Réforme de structure des bibliothèques universitaires.
« Nos réflexions nous ont amenés à envisager la création de bibliothèques de sections à « secteurs spécialisés » qui conviendraient principalement aux étudiants à la fin du 2e cycle et du 3e cycle et bien entendu aux professeurs et aux chercheurs (des salles de lecture traditionnelles équipées d'usuels étant maintenues pour la masse des étudiants du Ier et même du 2e cycle). L'idée n'était pas nouvelle, elle a été mise en pratique à l'étranger. Si elle n'a pas été adoptée plus tôt en France, c'est d'abord parce que les locaux de nos bibliothèques ne s'y prêtaient pas, mais aussi parce que son adoption implique notamment le choix d'une classification pour le classement des livres mis en accès libre, le retour à un catalogue systématique, la présence d'un personnel scientifique plus nombreux, de préférence spécialisé. Nous avons passé outre à ces difficultés. La section à « départements spécialisés » a été adoptée pour les sections sciences des bibliothèques universitaires. Vous vous souvenez que ces problèmes ont été débattus aux journées d'étude de janvier et ont donné lieu à une circulaire du 7 juillet 196I. Ils se posent aussi pour les lettres et pour le droit, et nous aurons un débat demain matin sur cette délicate question.

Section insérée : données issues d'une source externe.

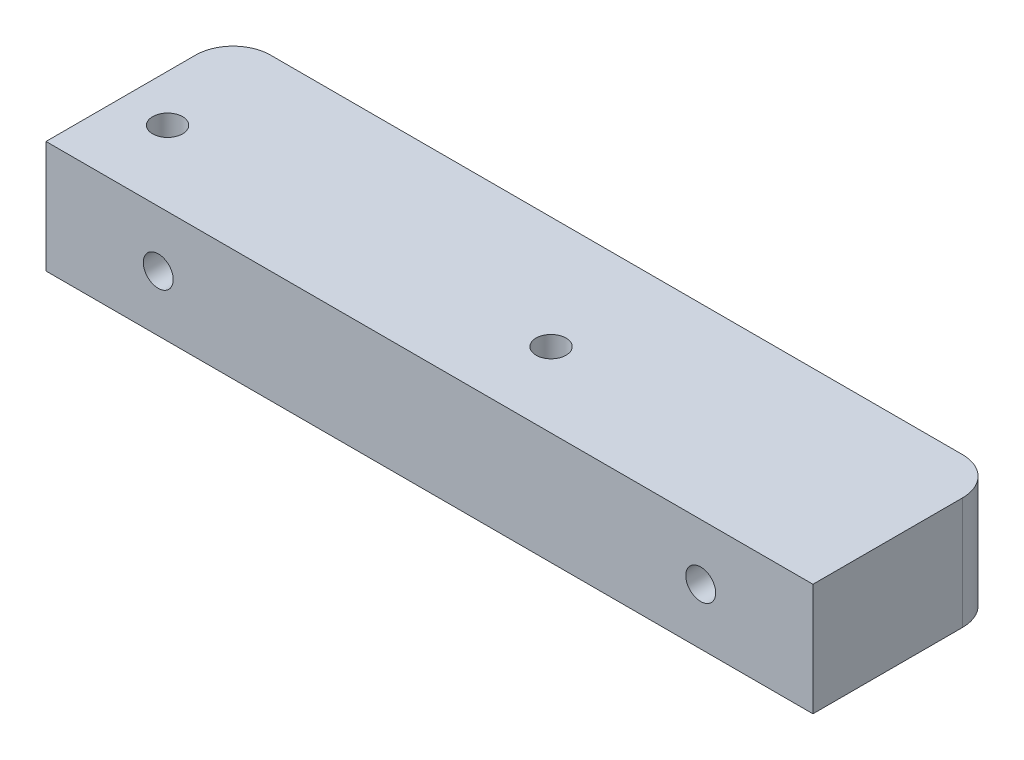
ISO-10303-21;
HEADER;
FILE_DESCRIPTION(('STEP AP214'),'2;1');
FILE_NAME('part.step','',(''),(''),'','','');
FILE_SCHEMA(('AUTOMOTIVE_DESIGN { 1 0 10303 214 1 1 1 1 }'));
ENDSEC;
DATA;
#1=APPLICATION_CONTEXT('core data for automotive mechanical design processes');
#2=APPLICATION_PROTOCOL_DEFINITION('international standard','automotive_design',2000,#1);
#3=PRODUCT_CONTEXT('',#1,'mechanical');
#4=PRODUCT('Part','Part','',(#3));
#5=PRODUCT_RELATED_PRODUCT_CATEGORY('part','',(#4));
#6=PRODUCT_DEFINITION_FORMATION('','',#4);
#7=PRODUCT_DEFINITION_CONTEXT('part definition',#1,'design');
#8=PRODUCT_DEFINITION('design','',#6,#7);
#9=PRODUCT_DEFINITION_SHAPE('','',#8);
#10=(LENGTH_UNIT() NAMED_UNIT(*) SI_UNIT(.MILLI.,.METRE.));
#11=(NAMED_UNIT(*) PLANE_ANGLE_UNIT() SI_UNIT($,.RADIAN.));
#12=(NAMED_UNIT(*) SI_UNIT($,.STERADIAN.) SOLID_ANGLE_UNIT());
#13=UNCERTAINTY_MEASURE_WITH_UNIT(LENGTH_MEASURE(1.E-05),#10,'distance_accuracy_value','');
#14=(GEOMETRIC_REPRESENTATION_CONTEXT(3) GLOBAL_UNCERTAINTY_ASSIGNED_CONTEXT((#13)) GLOBAL_UNIT_ASSIGNED_CONTEXT((#10,
#11,#12)) REPRESENTATION_CONTEXT('',''));
#15=CARTESIAN_POINT('',(0.,0.,0.));
#16=DIRECTION('',(0.,0.,1.));
#17=DIRECTION('',(1.,0.,0.));
#18=AXIS2_PLACEMENT_3D('',#15,#16,#17);
#19=CARTESIAN_POINT('',(0.,6.,0.));
#20=DIRECTION('',(-1.,0.,0.));
#21=DIRECTION('',(0.,0.,1.));
#22=AXIS2_PLACEMENT_3D('',#19,#20,#21);
#23=PLANE('',#22);
#24=DIRECTION('',(0.,0.,-1.));
#25=VECTOR('',#24,1.);
#26=CARTESIAN_POINT('',(0.,0.,0.));
#27=LINE('',#26,#25);
#28=CARTESIAN_POINT('',(0.,0.,0.));
#29=VERTEX_POINT('',#28);
#30=CARTESIAN_POINT('',(0.,0.,-8.00000000000001));
#31=VERTEX_POINT('',#30);
#32=EDGE_CURVE('E117',#29,#31,#27,.T.);
#33=ORIENTED_EDGE('',*,*,#32,.T.);
#34=DIRECTION('',(0.,-1.,0.));
#35=VECTOR('',#34,1.);
#36=CARTESIAN_POINT('',(0.,6.,-8.00000000000001));
#37=LINE('',#36,#35);
#38=CARTESIAN_POINT('',(0.,6.,-8.00000000000001));
#39=VERTEX_POINT('',#38);
#40=EDGE_CURVE('E11',#31,#39,#37,.F.);
#41=ORIENTED_EDGE('',*,*,#40,.T.);
#42=DIRECTION('',(0.,0.,-1.));
#43=VECTOR('',#42,1.);
#44=CARTESIAN_POINT('',(0.,6.,0.));
#45=LINE('',#44,#43);
#46=CARTESIAN_POINT('',(0.,6.,0.));
#47=VERTEX_POINT('',#46);
#48=EDGE_CURVE('E124',#47,#39,#45,.T.);
#49=ORIENTED_EDGE('',*,*,#48,.F.);
#50=DIRECTION('',(0.,-1.,0.));
#51=VECTOR('',#50,1.);
#52=CARTESIAN_POINT('',(0.,6.,0.));
#53=LINE('',#52,#51);
#54=EDGE_CURVE('E109',#47,#29,#53,.T.);
#55=ORIENTED_EDGE('',*,*,#54,.T.);
#56=EDGE_LOOP('',(#33,#41,#49,#55));
#57=FACE_BOUND('',#56,.T.);
#58=ADVANCED_FACE('F35',(#57),#23,.F.);
#59=CARTESIAN_POINT('',(0.,6.,-10.));
#60=DIRECTION('',(0.,0.,1.));
#61=DIRECTION('',(1.,0.,0.));
#62=AXIS2_PLACEMENT_3D('',#59,#60,#61);
#63=PLANE('',#62);
#64=DIRECTION('',(-1.,0.,0.));
#65=VECTOR('',#64,1.);
#66=CARTESIAN_POINT('',(0.,0.,-10.));
#67=LINE('',#66,#65);
#68=CARTESIAN_POINT('',(-2.,0.,-10.));
#69=VERTEX_POINT('',#68);
#70=CARTESIAN_POINT('',(-39.,0.,-10.));
#71=VERTEX_POINT('',#70);
#72=EDGE_CURVE('E119',#69,#71,#67,.T.);
#73=ORIENTED_EDGE('',*,*,#72,.T.);
#74=DIRECTION('',(0.,-1.,0.));
#75=VECTOR('',#74,1.);
#76=CARTESIAN_POINT('',(-39.,6.,-10.));
#77=LINE('',#76,#75);
#78=CARTESIAN_POINT('',(-39.,6.,-10.));
#79=VERTEX_POINT('',#78);
#80=EDGE_CURVE('E56',#71,#79,#77,.F.);
#81=ORIENTED_EDGE('',*,*,#80,.T.);
#82=DIRECTION('',(-1.,0.,0.));
#83=VECTOR('',#82,1.);
#84=CARTESIAN_POINT('',(0.,6.,-10.));
#85=LINE('',#84,#83);
#86=CARTESIAN_POINT('',(-2.,6.,-10.));
#87=VERTEX_POINT('',#86);
#88=EDGE_CURVE('E99',#87,#79,#85,.T.);
#89=ORIENTED_EDGE('',*,*,#88,.F.);
#90=DIRECTION('',(0.,-1.,0.));
#91=VECTOR('',#90,1.);
#92=CARTESIAN_POINT('',(-2.,6.,-10.));
#93=LINE('',#92,#91);
#94=EDGE_CURVE('E131',#87,#69,#93,.T.);
#95=ORIENTED_EDGE('',*,*,#94,.T.);
#96=EDGE_LOOP('',(#73,#81,#89,#95));
#97=FACE_BOUND('',#96,.T.);
#98=ADVANCED_FACE('F139',(#97),#63,.F.);
#99=CARTESIAN_POINT('',(-41.,6.,0.));
#100=DIRECTION('',(1.,0.,0.));
#101=DIRECTION('',(0.,0.,-1.));
#102=AXIS2_PLACEMENT_3D('',#99,#100,#101);
#103=PLANE('',#102);
#104=DIRECTION('',(0.,0.,1.));
#105=VECTOR('',#104,1.);
#106=CARTESIAN_POINT('',(-41.,6.,0.));
#107=LINE('',#106,#105);
#108=CARTESIAN_POINT('',(-41.,6.,-8.));
#109=VERTEX_POINT('',#108);
#110=CARTESIAN_POINT('',(-41.,6.,0.));
#111=VERTEX_POINT('',#110);
#112=EDGE_CURVE('E89',#109,#111,#107,.T.);
#113=ORIENTED_EDGE('',*,*,#112,.F.);
#114=DIRECTION('',(0.,-1.,0.));
#115=VECTOR('',#114,1.);
#116=CARTESIAN_POINT('',(-41.,6.,-8.));
#117=LINE('',#116,#115);
#118=CARTESIAN_POINT('',(-41.,0.,-8.));
#119=VERTEX_POINT('',#118);
#120=EDGE_CURVE('E108',#109,#119,#117,.T.);
#121=ORIENTED_EDGE('',*,*,#120,.T.);
#122=DIRECTION('',(0.,0.,1.));
#123=VECTOR('',#122,1.);
#124=CARTESIAN_POINT('',(-41.,0.,0.));
#125=LINE('',#124,#123);
#126=CARTESIAN_POINT('',(-41.,0.,0.));
#127=VERTEX_POINT('',#126);
#128=EDGE_CURVE('E105',#119,#127,#125,.T.);
#129=ORIENTED_EDGE('',*,*,#128,.T.);
#130=DIRECTION('',(0.,-1.,0.));
#131=VECTOR('',#130,1.);
#132=CARTESIAN_POINT('',(-41.,6.,0.));
#133=LINE('',#132,#131);
#134=EDGE_CURVE('E102',#111,#127,#133,.T.);
#135=ORIENTED_EDGE('',*,*,#134,.F.);
#136=EDGE_LOOP('',(#113,#121,#129,#135));
#137=FACE_BOUND('',#136,.T.);
#138=ADVANCED_FACE('F103',(#137),#103,.F.);
#139=CARTESIAN_POINT('',(0.,6.,0.));
#140=DIRECTION('',(0.,0.,-1.));
#141=DIRECTION('',(-1.,0.,0.));
#142=AXIS2_PLACEMENT_3D('',#139,#140,#141);
#143=PLANE('',#142);
#144=CARTESIAN_POINT('',(-6.,3.,0.));
#145=DIRECTION('',(0.,0.,1.));
#146=DIRECTION('',(1.,0.,0.));
#147=AXIS2_PLACEMENT_3D('',#144,#145,#146);
#148=CIRCLE('',#147,0.800000000000001);
#149=CARTESIAN_POINT('',(-5.2,3.,0.));
#150=VERTEX_POINT('',#149);
#151=EDGE_CURVE('E153',#150,#150,#148,.T.);
#152=ORIENTED_EDGE('',*,*,#151,.F.);
#153=EDGE_LOOP('',(#152));
#154=FACE_BOUND('',#153,.T.);
#155=CARTESIAN_POINT('',(-35.,3.,0.));
#156=DIRECTION('',(0.,0.,1.));
#157=DIRECTION('',(1.,0.,0.));
#158=AXIS2_PLACEMENT_3D('',#155,#156,#157);
#159=CIRCLE('',#158,0.800000000000003);
#160=CARTESIAN_POINT('',(-34.2,3.,0.));
#161=VERTEX_POINT('',#160);
#162=EDGE_CURVE('E146',#161,#161,#159,.T.);
#163=ORIENTED_EDGE('',*,*,#162,.F.);
#164=EDGE_LOOP('',(#163));
#165=FACE_BOUND('',#164,.T.);
#166=DIRECTION('',(1.,0.,0.));
#167=VECTOR('',#166,1.);
#168=CARTESIAN_POINT('',(0.,0.,0.));
#169=LINE('',#168,#167);
#170=EDGE_CURVE('E123',#127,#29,#169,.T.);
#171=ORIENTED_EDGE('',*,*,#170,.T.);
#172=ORIENTED_EDGE('',*,*,#54,.F.);
#173=DIRECTION('',(1.,0.,0.));
#174=VECTOR('',#173,1.);
#175=CARTESIAN_POINT('',(0.,6.,0.));
#176=LINE('',#175,#174);
#177=EDGE_CURVE('E93',#111,#47,#176,.T.);
#178=ORIENTED_EDGE('',*,*,#177,.F.);
#179=ORIENTED_EDGE('',*,*,#134,.T.);
#180=EDGE_LOOP('',(#171,#172,#178,#179));
#181=FACE_BOUND('',#180,.T.);
#182=ADVANCED_FACE('F111',(#154,#165,#181),#143,.F.);
#183=CARTESIAN_POINT('',(0.,6.,0.));
#184=DIRECTION('',(0.,1.,0.));
#185=DIRECTION('',(0.,0.,1.));
#186=AXIS2_PLACEMENT_3D('',#183,#184,#185);
#187=PLANE('',#186);
#188=CARTESIAN_POINT('',(-38.5,6.,-4.00000000000001));
#189=DIRECTION('',(0.,1.,0.));
#190=DIRECTION('',(0.,0.,1.));
#191=AXIS2_PLACEMENT_3D('',#188,#189,#190);
#192=CIRCLE('',#191,0.800000000000002);
#193=CARTESIAN_POINT('',(-38.5,6.,-3.20000000000001));
#194=VERTEX_POINT('',#193);
#195=EDGE_CURVE('E150',#194,#194,#192,.T.);
#196=ORIENTED_EDGE('',*,*,#195,.F.);
#197=EDGE_LOOP('',(#196));
#198=FACE_BOUND('',#197,.T.);
#199=CARTESIAN_POINT('',(-18.,6.,-4.00000000000001));
#200=DIRECTION('',(0.,1.,0.));
#201=DIRECTION('',(0.,0.,1.));
#202=AXIS2_PLACEMENT_3D('',#199,#200,#201);
#203=CIRCLE('',#202,0.799999999999999);
#204=CARTESIAN_POINT('',(-18.,6.,-3.20000000000001));
#205=VERTEX_POINT('',#204);
#206=EDGE_CURVE('E160',#205,#205,#203,.T.);
#207=ORIENTED_EDGE('',*,*,#206,.F.);
#208=EDGE_LOOP('',(#207));
#209=FACE_BOUND('',#208,.T.);
#210=ORIENTED_EDGE('',*,*,#88,.T.);
#211=CARTESIAN_POINT('',(-39.,6.,-8.));
#212=DIRECTION('',(0.,1.,0.));
#213=DIRECTION('',(0.,0.,1.));
#214=AXIS2_PLACEMENT_3D('',#211,#212,#213);
#215=CIRCLE('',#214,2.);
#216=EDGE_CURVE('E43',#79,#109,#215,.T.);
#217=ORIENTED_EDGE('',*,*,#216,.T.);
#218=ORIENTED_EDGE('',*,*,#112,.T.);
#219=ORIENTED_EDGE('',*,*,#177,.T.);
#220=ORIENTED_EDGE('',*,*,#48,.T.);
#221=CARTESIAN_POINT('',(-2.,6.,-8.00000000000001));
#222=DIRECTION('',(0.,1.,0.));
#223=DIRECTION('',(0.,0.,1.));
#224=AXIS2_PLACEMENT_3D('',#221,#222,#223);
#225=CIRCLE('',#224,2.);
#226=EDGE_CURVE('E135',#39,#87,#225,.T.);
#227=ORIENTED_EDGE('',*,*,#226,.T.);
#228=EDGE_LOOP('',(#210,#217,#218,#219,#220,#227));
#229=FACE_BOUND('',#228,.T.);
#230=ADVANCED_FACE('F91',(#198,#209,#229),#187,.T.);
#231=CARTESIAN_POINT('',(0.,0.,0.));
#232=DIRECTION('',(0.,1.,0.));
#233=DIRECTION('',(0.,0.,1.));
#234=AXIS2_PLACEMENT_3D('',#231,#232,#233);
#235=PLANE('',#234);
#236=CARTESIAN_POINT('',(-38.5,0.,-4.00000000000001));
#237=DIRECTION('',(0.,-1.,0.));
#238=DIRECTION('',(0.,0.,-1.));
#239=AXIS2_PLACEMENT_3D('',#236,#237,#238);
#240=CIRCLE('',#239,0.800000000000002);
#241=CARTESIAN_POINT('',(-38.5,0.,-4.80000000000001));
#242=VERTEX_POINT('',#241);
#243=EDGE_CURVE('E163',#242,#242,#240,.T.);
#244=ORIENTED_EDGE('',*,*,#243,.F.);
#245=EDGE_LOOP('',(#244));
#246=FACE_BOUND('',#245,.T.);
#247=CARTESIAN_POINT('',(-18.,0.,-4.00000000000001));
#248=DIRECTION('',(0.,-1.,0.));
#249=DIRECTION('',(0.,0.,-1.));
#250=AXIS2_PLACEMENT_3D('',#247,#248,#249);
#251=CIRCLE('',#250,0.799999999999999);
#252=CARTESIAN_POINT('',(-18.,0.,-4.80000000000001));
#253=VERTEX_POINT('',#252);
#254=EDGE_CURVE('E164',#253,#253,#251,.T.);
#255=ORIENTED_EDGE('',*,*,#254,.F.);
#256=EDGE_LOOP('',(#255));
#257=FACE_BOUND('',#256,.T.);
#258=ORIENTED_EDGE('',*,*,#128,.F.);
#259=CARTESIAN_POINT('',(-39.,0.,-8.));
#260=DIRECTION('',(0.,1.,0.));
#261=DIRECTION('',(0.,0.,1.));
#262=AXIS2_PLACEMENT_3D('',#259,#260,#261);
#263=CIRCLE('',#262,2.);
#264=EDGE_CURVE('E129',#119,#71,#263,.F.);
#265=ORIENTED_EDGE('',*,*,#264,.T.);
#266=ORIENTED_EDGE('',*,*,#72,.F.);
#267=CARTESIAN_POINT('',(-2.,0.,-8.00000000000001));
#268=DIRECTION('',(0.,1.,0.));
#269=DIRECTION('',(0.,0.,1.));
#270=AXIS2_PLACEMENT_3D('',#267,#268,#269);
#271=CIRCLE('',#270,2.);
#272=EDGE_CURVE('E127',#69,#31,#271,.F.);
#273=ORIENTED_EDGE('',*,*,#272,.T.);
#274=ORIENTED_EDGE('',*,*,#32,.F.);
#275=ORIENTED_EDGE('',*,*,#170,.F.);
#276=EDGE_LOOP('',(#258,#265,#266,#273,#274,#275));
#277=FACE_BOUND('',#276,.T.);
#278=ADVANCED_FACE('F143',(#246,#257,#277),#235,.F.);
#279=CARTESIAN_POINT('',(-35.,3.,-6.));
#280=DIRECTION('',(0.,0.,1.));
#281=DIRECTION('',(1.,0.,0.));
#282=AXIS2_PLACEMENT_3D('',#279,#280,#281);
#283=CYLINDRICAL_SURFACE('',#282,0.800000000000003);
#284=CARTESIAN_POINT('',(-35.,3.,-6.));
#285=DIRECTION('',(0.,0.,1.));
#286=DIRECTION('',(1.,0.,0.));
#287=AXIS2_PLACEMENT_3D('',#284,#285,#286);
#288=CIRCLE('',#287,0.800000000000003);
#289=CARTESIAN_POINT('',(-34.2,3.,-6.));
#290=VERTEX_POINT('',#289);
#291=EDGE_CURVE('E149',#290,#290,#288,.T.);
#292=ORIENTED_EDGE('',*,*,#291,.F.);
#293=EDGE_LOOP('',(#292));
#294=FACE_BOUND('',#293,.T.);
#295=ORIENTED_EDGE('',*,*,#162,.T.);
#296=EDGE_LOOP('',(#295));
#297=FACE_BOUND('',#296,.T.);
#298=ADVANCED_FACE('F174',(#294,#297),#283,.F.);
#299=CARTESIAN_POINT('',(-35.,3.,-6.));
#300=DIRECTION('',(0.,0.,1.));
#301=DIRECTION('',(1.,0.,0.));
#302=AXIS2_PLACEMENT_3D('',#299,#300,#301);
#303=PLANE('',#302);
#304=ORIENTED_EDGE('',*,*,#291,.T.);
#305=EDGE_LOOP('',(#304));
#306=FACE_BOUND('',#305,.T.);
#307=ADVANCED_FACE('F208',(#306),#303,.T.);
#308=CARTESIAN_POINT('',(-6.,3.,-6.));
#309=DIRECTION('',(0.,0.,1.));
#310=DIRECTION('',(1.,0.,0.));
#311=AXIS2_PLACEMENT_3D('',#308,#309,#310);
#312=CYLINDRICAL_SURFACE('',#311,0.800000000000001);
#313=CARTESIAN_POINT('',(-6.,3.,-6.));
#314=DIRECTION('',(0.,0.,1.));
#315=DIRECTION('',(1.,0.,0.));
#316=AXIS2_PLACEMENT_3D('',#313,#314,#315);
#317=CIRCLE('',#316,0.800000000000001);
#318=CARTESIAN_POINT('',(-5.2,3.,-6.));
#319=VERTEX_POINT('',#318);
#320=EDGE_CURVE('E120',#319,#319,#317,.T.);
#321=ORIENTED_EDGE('',*,*,#320,.F.);
#322=EDGE_LOOP('',(#321));
#323=FACE_BOUND('',#322,.T.);
#324=ORIENTED_EDGE('',*,*,#151,.T.);
#325=EDGE_LOOP('',(#324));
#326=FACE_BOUND('',#325,.T.);
#327=ADVANCED_FACE('F203',(#323,#326),#312,.F.);
#328=CARTESIAN_POINT('',(-6.,3.,-6.));
#329=DIRECTION('',(0.,0.,1.));
#330=DIRECTION('',(1.,0.,0.));
#331=AXIS2_PLACEMENT_3D('',#328,#329,#330);
#332=PLANE('',#331);
#333=ORIENTED_EDGE('',*,*,#320,.T.);
#334=EDGE_LOOP('',(#333));
#335=FACE_BOUND('',#334,.T.);
#336=ADVANCED_FACE('F198',(#335),#332,.T.);
#337=CARTESIAN_POINT('',(-39.,6.,-8.));
#338=DIRECTION('',(0.,-1.,0.));
#339=DIRECTION('',(0.,0.,-1.));
#340=AXIS2_PLACEMENT_3D('',#337,#338,#339);
#341=CYLINDRICAL_SURFACE('',#340,2.);
#342=ORIENTED_EDGE('',*,*,#216,.F.);
#343=ORIENTED_EDGE('',*,*,#80,.F.);
#344=ORIENTED_EDGE('',*,*,#264,.F.);
#345=ORIENTED_EDGE('',*,*,#120,.F.);
#346=EDGE_LOOP('',(#342,#343,#344,#345));
#347=FACE_BOUND('',#346,.T.);
#348=ADVANCED_FACE('F188',(#347),#341,.T.);
#349=CARTESIAN_POINT('',(-2.,6.,-8.00000000000001));
#350=DIRECTION('',(0.,-1.,0.));
#351=DIRECTION('',(0.,0.,-1.));
#352=AXIS2_PLACEMENT_3D('',#349,#350,#351);
#353=CYLINDRICAL_SURFACE('',#352,2.);
#354=ORIENTED_EDGE('',*,*,#226,.F.);
#355=ORIENTED_EDGE('',*,*,#40,.F.);
#356=ORIENTED_EDGE('',*,*,#272,.F.);
#357=ORIENTED_EDGE('',*,*,#94,.F.);
#358=EDGE_LOOP('',(#354,#355,#356,#357));
#359=FACE_BOUND('',#358,.T.);
#360=ADVANCED_FACE('F37',(#359),#353,.T.);
#361=CARTESIAN_POINT('',(-18.,10.,-4.00000000000001));
#362=DIRECTION('',(0.,-1.,0.));
#363=DIRECTION('',(0.,0.,-1.));
#364=AXIS2_PLACEMENT_3D('',#361,#362,#363);
#365=CYLINDRICAL_SURFACE('',#364,0.799999999999999);
#366=ORIENTED_EDGE('',*,*,#206,.T.);
#367=EDGE_LOOP('',(#366));
#368=FACE_BOUND('',#367,.T.);
#369=ORIENTED_EDGE('',*,*,#254,.T.);
#370=EDGE_LOOP('',(#369));
#371=FACE_BOUND('',#370,.T.);
#372=ADVANCED_FACE('F178',(#368,#371),#365,.F.);
#373=CARTESIAN_POINT('',(-38.5,10.,-4.00000000000001));
#374=DIRECTION('',(0.,-1.,0.));
#375=DIRECTION('',(0.,0.,-1.));
#376=AXIS2_PLACEMENT_3D('',#373,#374,#375);
#377=CYLINDRICAL_SURFACE('',#376,0.800000000000002);
#378=ORIENTED_EDGE('',*,*,#195,.T.);
#379=EDGE_LOOP('',(#378));
#380=FACE_BOUND('',#379,.T.);
#381=ORIENTED_EDGE('',*,*,#243,.T.);
#382=EDGE_LOOP('',(#381));
#383=FACE_BOUND('',#382,.T.);
#384=ADVANCED_FACE('F170',(#380,#383),#377,.F.);
#385=CLOSED_SHELL('',(#58,#98,#138,#182,#230,#278,#298,#307,#327,#336,#348,#360,#372,#384));
#386=MANIFOLD_SOLID_BREP('B2',#385);
#387=ADVANCED_BREP_SHAPE_REPRESENTATION('',(#18,#386),#14);
#388=SHAPE_DEFINITION_REPRESENTATION(#9,#387);
ENDSEC;
END-ISO-10303-21;

« Si nous nous sommes avancés dans cette voie, c'est parce que nous avons l'espoir de disposer de moyens accrus au cours des années à venir, non seulement - cela va sans dire - en ce qui concerne les bâtiments, mais également en ce qui concerne le personnel et les crédits de fonctionnement. Avant de vous dire quels sont ces espoirs et avant de vous parler du quatrième plan d'équipement, je voudrais très brièvement jeter un coup d'œil en arrière et mesurer avec vous le chemin parcouru.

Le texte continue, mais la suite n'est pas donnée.